I have an HP F340 All-in-One. My problem is I can't print my emails or anything web-based, such as Google Maps. I am able to print from Notepad and other Windows programs. But anything I try to print from on-line sources, the Print Preview is blank, so that's what I get, a blank piece of paper. I've uninstalled and re-installed the program a couple of times. I've checked printer troubleshooting with Microsoft & HP, my ISP, and everywhere else I could think of. There's got to be some reason why my printer is not receiving the info it needs to go ahead and print what I want it to print. How hard is it? As you can see, I am becoming extremely frustrated. :upset: Thanks in advance for any help.


----------



## lecek (Oct 4, 2007)

I can't imagen that this hasn't already been checked but I can't think of anything else. In IE 7 you should be able to press the "Alt" key on the keyboard to bring up the file, edit, view... menu. Then go to file and print and see if your printer is even listed and selected.


----------



## AudreyQ (Oct 19, 2007)

I went into Printers & Faxes Folder, deleted the printer, went into Server Properties & deleted the driver, then went back in to Add Printer without using the HP disk, and added a Windows XP Driver and then re-added my printer.
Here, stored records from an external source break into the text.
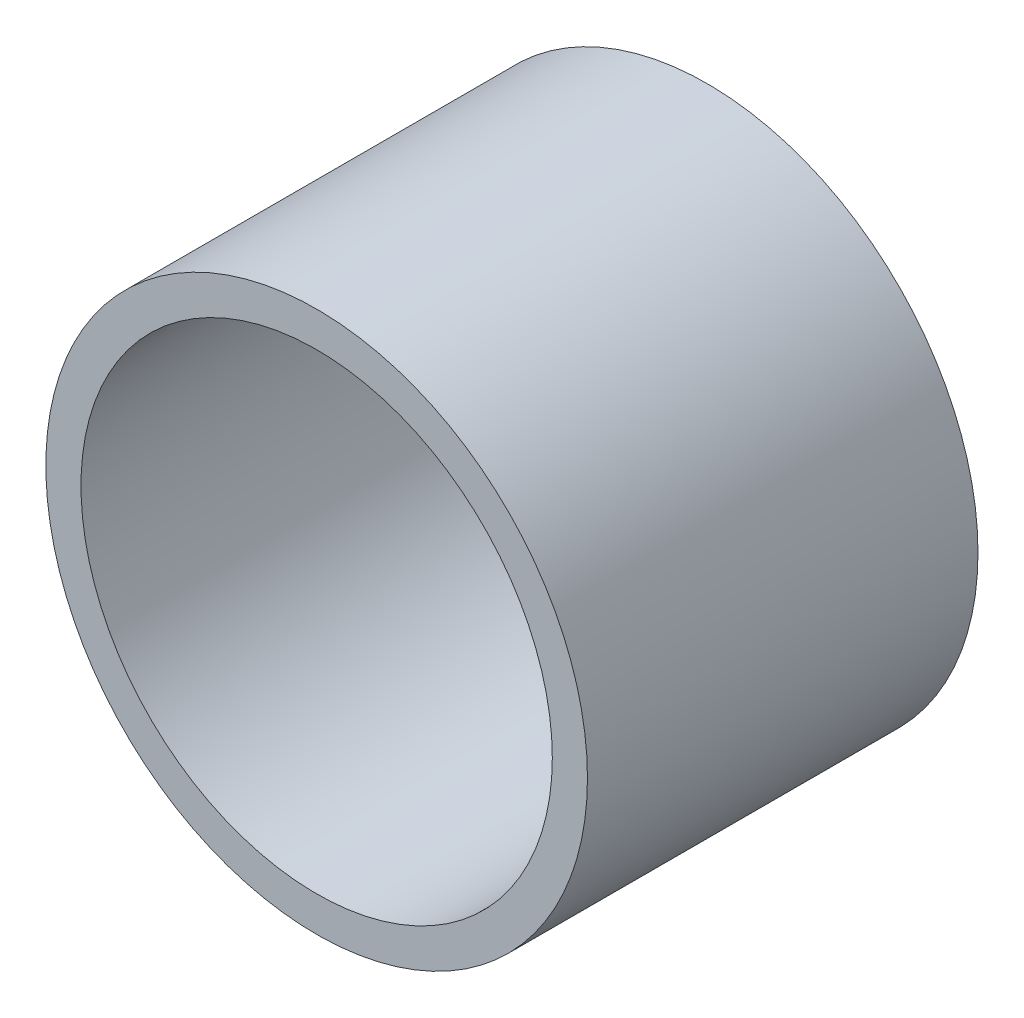
from build123d import *

# Parameters (mm, degrees)
CROQUIS1_R              = 30.165
CROQUIS1_R_2            = 26.25
SALIENTE_EXTRUIR1_DEPTH = 43.5


with BuildPart() as part:
    # Croquis1 → Saliente-Extruir1 (new body)
    with BuildSketch(Plane.XY):
        Circle(CROQUIS1_R)
        Circle(CROQUIS1_R_2, mode=Mode.SUBTRACT)
    extrude(amount=SALIENTE_EXTRUIR1_DEPTH)


solid = part.part

None of this helps. Trouble shooting says it's my margins, which are correct at .75 each. When I want to print from the web, such as emails, is there something somewhere I need to look at so a blank page doesn't load thereby printing a blank page?


----------



## lecek (Oct 4, 2007)

That is very odd. I can't think of much that can cause that. Even the print preview is blank. What about other web browsers such as Firefox? Outlook and IE use the same printing module but everything else prints. If firefox can print from the web then an E-mail program to replace Outlook would be Thunderbird.


----------